● Assigned task: Copy out the entries below exactly as they stand, but only from the line containing "[Est_Roll_CompFilt_rad] -> Roll" through the line containing "Read CM Dict1/1".

Dataset excerpts:
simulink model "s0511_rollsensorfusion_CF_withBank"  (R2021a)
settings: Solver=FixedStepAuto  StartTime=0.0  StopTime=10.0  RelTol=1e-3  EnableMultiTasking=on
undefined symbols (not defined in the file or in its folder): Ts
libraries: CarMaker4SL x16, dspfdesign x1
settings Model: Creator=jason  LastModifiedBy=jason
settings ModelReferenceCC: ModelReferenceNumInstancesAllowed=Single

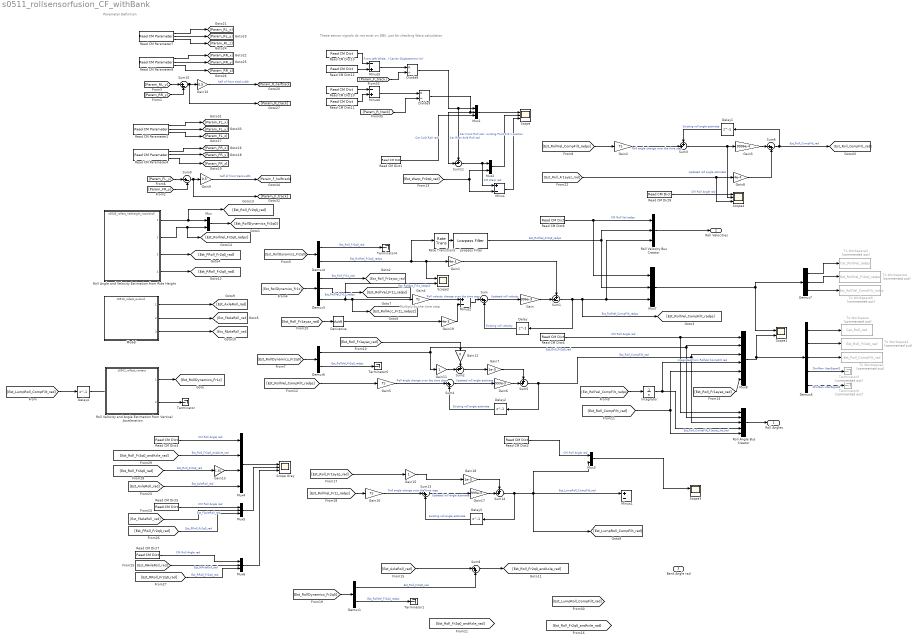
== system s0511_rollsensorfusion_CF_withBank ==
  note: These sensor signals do not exist on DBX, just for checking Warp calculation
  note: Multiply by the time step
  note: Parameter Definition
  Delay{,1..4} (5 alike) : Delay  DelayLength=1
  Demux1 : Demux  Outputs=2
      settings: DisplayOption=none
  Demux3 : Demux  Outputs=3
      settings: DisplayOption=none
  Demux4 : Demux  Outputs=2
      settings: DisplayOption=none
  Demux5 : Demux  Outputs=5
      settings: DisplayOption=none
  Demux6 : Demux  Outputs=2
      settings: DisplayOption=none
  Demux7 : Demux  Outputs=3
  Derivative : Derivative
  Divide8 : Product  Inputs=*/
  Divide9 : Product  Inputs=*/
  Gain : Gain  Gain=996e-3
  Gain1 : Gain  Gain=4e-3
  Gain10 : Gain  Gain=0.5
  Gain11 : Gain
  Gain12 : Gain  Gain=0
  Gain13 : Gain  Gain=1.35
  Gain15 : Gain
  Gain{2,4..5,16} (4 alike) : Gain  Gain=Ts
  Gain17 : Gain  Gain=999e-3
  Gain18 : Gain  Gain=1e-3
  Gain19 : Gain  Gain=4e-3
  Gain3 : Gain  Gain=9996e-4
  Gain6 : Gain  Gain=999e-3
  Gain7 : Gain  Gain=1e-3
  Gain8 : Gain  Gain=4e-4
  Gain9 : Gain  Gain=0.5
  Integrator : Integrator
  Lowpass Filter : dspfdesign/Lowpass Filter  FilterType=FIR  DesignForMinimumOrder=on  FilterOrder=50  PassbandFrequency=1  StopbandFrequency=2000  PassbandRipple=0.1  StopbandAttenuation=180  InheritSampleRate=off  SampleRate=44100  SimulateUsing=Interpreted execution  roundingMode=Floor  coeffsDataTypeStr=fixdt(1,16)
  Minus : Sum  Inputs=+-
  Minus1 : Sum  Inputs=+-
  Minus2 : Sum  Inputs=+-
  Minus5 : Sum  Inputs=-+
  Minus6 : Sum  Inputs=-+
  Model : ModelReference  ModelNameDialog=s0510_rollest_axleroll.slx  SimulationMode=Normal  ModelReferenceVersion=1.22
  Mux : Mux  Inputs=2
  Mux{1,3,5..7} (5 alike) : Mux  Inputs=3
  Mux2 : Mux  Inputs=2
  Mux4 : Mux
  Mux8 : Mux  Inputs=6
  Rate Transition5 : RateTransition
  Read CM Dict{1..5,7..8} (7 alike) : CarMaker4SL/Read CM Dict  xname=Car.Roll  xsync=off  xstime=Continuous
  Read CM Dict10 : CarMaker4SL/Read CM Dict  xname=Car.CRL.q0  xsync=off  xstime=Continuous
  Read CM Dict11 : CarMaker4SL/Read CM Dict  xname=Car.CRR.q0  xsync=off  xstime=Continuous
  Read CM Dict12 : CarMaker4SL/Read CM Dict  xname=Car.CFR.q0  xsync=off  xstime=Continuous
  Read CM Dict13 : CarMaker4SL/Read CM Dict  xname=Car.CFL.q0  xsync=off  xstime=Continuous
  Read CM Dict6 : CarMaker4SL/Read CM Dict  xname=Car.RollVel  xsync=off  xstime=Continuous
  Read CM Parameter2 : CarMaker4SL/Read CM Parameter  xfile=Vehicle  xkey=WheelCarrier.fl.pos  xnout=3  xdefaults=eps  xmuxed=off  xstime=Continuous
      settings: SourceProductName=CarMaker4SL
  Read CM Parameter4 : CarMaker4SL/Read CM Parameter  xfile=Vehicle  xkey=WheelCarrier.fr.pos  xnout=3  xdefaults=eps  xmuxed=off  xstime=Continuous
      settings: SourceProductName=CarMaker4SL
  Read CM Parameter7 : CarMaker4SL/Read CM Parameter  xfile=Vehicle  xkey=WheelCarrier.rl.pos  xnout=3  xdefaults=eps  xmuxed=off  xstime=Continuous
      settings: SourceProductName=CarMaker4SL
  Read CM Parameter8 : CarMaker4SL/Read CM Parameter  xfile=Vehicle  xkey=WheelCarrier.rr.pos  xnout=3  xdefaults=eps  xmuxed=off  xstime=Continuous
      settings: SourceProductName=CarMaker4SL
  Roll Angle Bus Creator : BusCreator  Inputs=5  OutDataTypeStr=Bus: Est_Roll_CF
  Roll Angle and Velocity Estimation from Ride Height : ModelReference  ModelNameDialog=s0509_rollest_rideheight_noaxleroll.slx  SimulationMode=Normal  ModelReferenceVersion=1.25
  Roll Velocity Bus Creator : BusCreator  Inputs=3  OutDataTypeStr=Bus: Est_RollVel_CF
  Roll Velocity and Angle Estimation from Vertical Acceleration : ModelReference  ModelNameDialog=s0502_rollest_vertacc.slx  SimulationMode=Normal  ModelReferenceVersion=1.25
  Scope : Scope  NumInputPorts=3
  Scope Grey : Scope  NumInputPorts=3
  Scope1 : Scope  NumInputPorts=2
  Scope2 : Scope  NumInputPorts=2
  Scope3 : Scope  NumInputPorts=2
  Scope4 : Scope  NumInputPorts=3
  Sum{,4,6,8,13} (5 alike) : Sum  Inputs=|++
  Sum1 : Sum  Inputs=++-
  Sum10 : Sum  Inputs=|+-
  Sum11 : Sum  Inputs=+-|
  Sum{2..3,5,14} (4 alike) : Sum  Inputs=++|
  Sum9 : Sum  Inputs=|+-
  Terminator{,1,4..5} (4 alike) : Terminator
  Terminator3 : Terminator  Commented=on
  Terminator6 : Terminator  Commented=on
  To Workspace : ToWorkspace  Commented=on  VariableName=Car_Roll_rad  SampleTime=-1
  To Workspace1 : ToWorkspace  Commented=on  VariableName=Est_Roll_Fr2q0_rad  SampleTime=-1
  To Workspace2 : ToWorkspace  Commented=on  VariableName=Est_Roll_CompFilt_rad  SampleTime=-1
  To Workspace3 : ToWorkspace  Commented=on  VariableName=Car_RollVel_radps  SampleTime=-1
  To Workspace4 : ToWorkspace  Commented=on  VariableName=Est_RollVel_Fr2q0_radps  SampleTime=-1
  To Workspace5 : ToWorkspace  Commented=on  VariableName=Est_RollVel_CompFilt_radps  SampleTime=-1
  Roll Angles : Outport  OutDataTypeStr=Bus: Est_Roll_CF
  Roll Velocities : Outport  Port=2  OutDataTypeStr=Bus: Est_RollVel_CF
  Bank Angle rad : Outport  Port=3
  wires:
  Roll Angle and Velocity Estimation from Ride Height/2 -> [Est_RollVel_Fr2q0_radps], Mux/2
  Roll Velocity and Angle Estimation from Vertical Acceleration/1 -> [Est_RollDynamics_Fr1z]
  Roll Angle and Velocity Estimation from Ride Height/1 -> [Est_Roll_Fr2q0_rad], Mux/1
  Roll Velocity and Angle Estimation from Vertical Acceleration/2 -> Terminator/1
  Roll Angle and Velocity Estimation from Ride Height/3 -> [Est_FRoll_Fr2q0_rad]
  Mux/1 -> [Est_RollDynamics_Fr2q0]
  [Est_RollDynamics_Fr2q0] -> Demux4/1
  [Est_RollDynamics_Fr1z] -> Demux3/1
  Sum/1 -> Gain/1  "Updated roll velocity"
  Delay/1 -> Sum/2  "Existing roll velocity"
  Gain/1 -> Sum1/2
  Gain1/1 -> Sum1/1
  Demux4/2 -> Rate Transition5/1, Scope2/1, Gain1/1  "Est_RollVel_Fr2q0_radps"
  Demux3/3 -> [Est_RollAcc_Fr1z_radps2], Gain4/1, Scope2/2  "Est_RollAcc_Fr1z_radps2"
  Read CM Dict6/1 -> Mux7/1, Roll Velocity Bus Creator/1  "CM Roll Vel radps"
  Mux7/1 -> Demux7/1, Scope1/1
  Gain4/1 -> Minus2/1  "Roll velocity change over the time step"
  Lowpass Filter/1 -> Mux7/2, Roll Velocity Bus Creator/2  "Est_RollVel_Fr2q0_radps"
  Rate Transition5/1 -> Lowpass Filter/1
  Demux3/1 -> [Est_Roll_Fr1ayaz_rad]  "Est_Roll_Fr1z_rad"
  Gain5/1 -> Sum4/1  "Roll angle change over the time step"
  Sum5/1 -> Roll Angle Bus Creator/3, Mux8/3, Delay2/1  "Est_Roll_CompFilt_rad"
  Delay2/1 -> Sum4/2  "Existing roll angle estimate"
  Gain6/1 -> Sum5/2
  Sum4/1 -> Gain6/1  "Updated roll angle estimate"
  [Est_RollDynamics_Fr2q0] -> Demux6/1
  Demux6/1 -> Gain11/1, Mux8/2, Roll Angle Bus Creator/2  "Est_Roll_Fr2q0_rad"
  Gain7/1 -> Sum5/1
  Demux4/1 -> Terminator4/1  "Est_Roll_Fr2q0_rad"
  Demux6/2 -> Terminator5/1  "Est_RollVel_Fr2q0_radps"
  Read CM Dict4/1 -> Mux8/1, Roll Angle Bus Creator/1  "CM Roll Angle rad"
  [Est_RollVel_CompFilt_radps] -> Gain5/1
  Sum3/1 -> Scope4/2, Gain3/1  "Updated roll angle estimate"
  Gain2/1 -> Sum3/2  "Roll angle change over the time step"
  Delay1/1 -> Sum3/1  "Existing roll angle estimate"
  Sum6/1 -> Delay1/1, [Est_Roll_CompFilt_rad]  "Est_Roll_CompFilt_rad"
  [Est_Roll_Fr1ayaz_rad] -> Scope4/3, Gain8/1
  Gain8/1 -> Sum6/2
  Gain3/1 -> Sum6/1
  [Est_RollVel_CompFilt_radps] -> Gain2/1
  Read CM Dict8/1 -> Scope4/1  "CM Roll Angle rad"
  [Est_RollVel_CompFilt_radps] -> Integrator/1
  Integrator/1 -> Mux8/4, Roll Angle Bus Creator/4  "Integrated from RollVel CompFilt rad"
  [Est_Roll_CompFilt_rad] -> Roll Angle Bus Creator/5, Mux8/5  "Est_Roll_CompFilt_F1ayaz_Int_rad"
  [Est_Roll_Fr1ayaz_rad] -> Gain12/1
  Gain11/1 -> Sum2/2
  Gain12/1 -> Sum2/1
  Sum2/1 -> Gain7/1
  Demux5/1 -> To Workspace/1
  Demux5/2 -> To Workspace1/1
  Demux5/3 -> To Workspace2/1
  Demux5/4 -> Terminator3/1  "DrivMan UserSignal1"
  Demux5/5 -> Terminator6/1  "DrivMan UserSignal2"
  Demux7/1 -> To Workspace3/1
  Demux7/2 -> To Workspace4/1
  Demux7/3 -> To Workspace5/1
  Sum1/1 -> Delay/1, Roll Velocity Bus Creator/3, Mux7/3, [Est_RollVel_CompFilt_radps]  "Est_RollVel_CompFilt_radps"
  Roll Velocity Bus Creator/1 -> Roll Velocities/1
  Roll Angle Bus Creator/1 -> Roll Angles/1
  Mux8/1 -> Demux5/1, Scope1/2
  Demux3/2 -> [Est_RollVel_Fr1z_radps]  "Est_RollVel_Fr1z_radps"
  Read CM Parameter2/3 -> [Param_FL_z]
  Gain9/1 -> [Param_F_halftrack]  "half of front trackwidth"
  Read CM Parameter2/2 -> [Param_FL_y]
  Read CM Parameter2/1 -> [Param_FL_x]
  Read CM Parameter8/1 -> [Param_RR_x]
  [Param_FR_y] -> Sum9/2
  Read CM Parameter4/1 -> [Param_FR_x]
  Read CM Parameter7/2 -> [Param_RL_y]
  Read CM Parameter7/3 -> [Param_RL_z]
  [Param_RL_y] -> Sum10/1
  Read CM Parameter8/3 -> [Param_RR_z]
  Read CM Parameter7/1 -> [Param_RL_x]
  Read CM Parameter8/2 -> [Param_RR_y]
  Read CM Parameter4/3 -> [Param_FR_z]
  Gain10/1 -> [Param_R_halftrack]  "half of front trackwidth"
  [Param_RR_y] -> Sum10/2
  [Param_FL_y] -> Sum9/1
  Sum10/1 -> Gain10/1, [Param_R_track]
  Sum9/1 -> Gain9/1, [Param_F_track]
  Read CM Parameter4/2 -> [Param_FR_y]
  Divide8/1 -> Mux1/1, Sum11/1  "Car Front Roll rad, from Mounting Point Fr0 z position"
  Divide9/1 -> Sum11/2, Mux1/2  "Car Rear Axle Roll rad"
  Read CM Dict1/1 -> Mux1/3  "Car CoG Roll rad"
  Mux1/1 -> Scope/1
  [Est_Warp_Fr2q0_rad] -> Minus/2, Mux2/2
  Sum11/1 -> Mux2/1, Minus/1  "CM Warp rad"
  Mux2/1 -> Scope/2
  Minus/1 -> Scope/3
  Minus6/1 -> Divide9/1
  [Param_F_track] -> Divide8/2
  Read CM Dict10/1 -> Minus6/1
  Read CM Dict13/1 -> Minus5/1  "Front Left Wheel Carrier Displacement (m)"
  Read CM Dict11/1 -> Minus6/2
  [Param_R_track] -> Divide9/2
  Minus5/1 -> Divide8/1
  Read CM Dict12/1 -> Minus5/2
  [Est_Roll_Fr1ayaz_rad] -> Mux8/6
  [Est_Roll_Fr1ayaz_rad] -> Gain15/1
  Gain16/1 -> Sum13/1  "Roll angle change over the time step"
  Delay3/1 -> Sum13/2  "Existing roll angle estimate"
  Gain18/1 -> Sum14/1
  Gain17/1 -> Sum14/2
  Gain15/1 -> Gain18/1
  Sum14/1 -> Minus1/1, Mux3/3, [Est_LumpRoll_CompFilt_rad], Delay3/1  "Est_LumpRoll_CompFilt_rad"
  Sum13/1 -> Gain17/1  "Updated roll angle estimate"
  Read CM Dict2/1 -> Mux3/1  "CM Roll Angle rad"
  Mux3/1 -> Scope3/1
  [Est_RollVel_Fr1z_radps] -> Gain16/1
  [Est_Roll_Fr1ayaz_rad] -> Derivative/1
  Derivative/1 -> Gain19/1
  Gain19/1 -> Minus2/2
  Minus2/1 -> Sum/1
  Delay4/1 -> ?
  [Est_LumpRoll_CompFilt_rad] -> Delay4/1
  Demux1/1 -> Sum8/2  "Est_Roll_Fr2q0_rad"
  Demux1/2 -> Terminator1/1  "Est_RollVel_Fr2q0_radps"
  [Est_RollDynamics_Fr2q0] -> Demux1/1
  Model/2 -> [Est_FAxleRoll_rad]
  Model/1 -> [Est_AxleRoll_rad]
  Model/3 -> [Est_RAxleRoll_rad]
  [Est_AxleRoll_rad] -> Sum8/1
  Sum8/1 -> [Est_Roll_Fr2q0_andAxle_rad]
  Roll Angle and Velocity Estimation from Ride Height/4 -> [Est_RRoll_Fr2q0_rad]
  Read CM Dict3/1 -> Mux4/1  "CM Roll Angle rad"
  [Est_Roll_Fr2q0_andAxle_rad] -> Mux4/2  "Est_Roll_Fr2q0_andAxle_rad"
  [Est_Roll_Fr2q0_rad] -> Gain13/1  "Est_Roll_Fr2q0_rad"
  [Est_AxleRoll_rad] -> Mux4/4  "Est_AxleRoll_rad"
  Mux4/1 -> Scope Grey/1
  [Est_FAxleRoll_rad] -> Mux5/2  "Est_FAxleRoll_rad"
  [Est_FRoll_Fr2q0_rad] -> Mux5/3  "Est_FRoll_Fr2q0_rad"
  Read CM Dict5/1 -> Mux5/1  "CM Roll Angle rad"
  Read CM Dict7/1 -> Mux6/1  "CM Roll Angle rad"
  [Est_RAxleRoll_rad] -> Mux6/2  "Est_RAxleRoll_rad"
  [Est_RRoll_Fr2q0_rad] -> Mux6/3  "Est_RRoll_Fr2q0_rad"
  Mux5/1 -> Scope Grey/2
  Mux6/1 -> Scope Grey/3
  Gain13/1 -> Mux4/3

● Result of this task:
  [Est_Roll_CompFilt_rad] -> Roll Angle Bus Creator/5, Mux8/5  "Est_Roll_CompFilt_F1ayaz_Int_rad"
  [Est_Roll_Fr1ayaz_rad] -> Gain12/1
  Gain11/1 -> Sum2/2
  Gain12/1 -> Sum2/1
  Sum2/1 -> Gain7/1
  Demux5/1 -> To Workspace/1
  Demux5/2 -> To Workspace1/1
  Demux5/3 -> To Workspace2/1
  Demux5/4 -> Terminator3/1  "DrivMan UserSignal1"
  Demux5/5 -> Terminator6/1  "DrivMan UserSignal2"
  Demux7/1 -> To Workspace3/1
  Demux7/2 -> To Workspace4/1
  Demux7/3 -> To Workspace5/1
  Sum1/1 -> Delay/1, Roll Velocity Bus Creator/3, Mux7/3, [Est_RollVel_CompFilt_radps]  "Est_RollVel_CompFilt_radps"
  Roll Velocity Bus Creator/1 -> Roll Velocities/1
  Roll Angle Bus Creator/1 -> Roll Angles/1
  Mux8/1 -> Demux5/1, Scope1/2
  Demux3/2 -> [Est_RollVel_Fr1z_radps]  "Est_RollVel_Fr1z_radps"
  Read CM Parameter2/3 -> [Param_FL_z]
  Gain9/1 -> [Param_F_halftrack]  "half of front trackwidth"
  Read CM Parameter2/2 -> [Param_FL_y]
  Read CM Parameter2/1 -> [Param_FL_x]
  Read CM Parameter8/1 -> [Param_RR_x]
  [Param_FR_y] -> Sum9/2
  Read CM Parameter4/1 -> [Param_FR_x]
  Read CM Parameter7/2 -> [Param_RL_y]
  Read CM Parameter7/3 -> [Param_RL_z]
  [Param_RL_y] -> Sum10/1
  Read CM Parameter8/3 -> [Param_RR_z]
  Read CM Parameter7/1 -> [Param_RL_x]
  Read CM Parameter8/2 -> [Param_RR_y]
  Read CM Parameter4/3 -> [Param_FR_z]
  Gain10/1 -> [Param_R_halftrack]  "half of front trackwidth"
  [Param_RR_y] -> Sum10/2
  [Param_FL_y] -> Sum9/1
  Sum10/1 -> Gain10/1, [Param_R_track]
  Sum9/1 -> Gain9/1, [Param_F_track]
  Read CM Parameter4/2 -> [Param_FR_y]
  Divide8/1 -> Mux1/1, Sum11/1  "Car Front Roll rad, from Mounting Point Fr0 z position"
  Divide9/1 -> Sum11/2, Mux1/2  "Car Rear Axle Roll rad"
  Read CM Dict1/1 -> Mux1/3  "Car CoG Roll rad"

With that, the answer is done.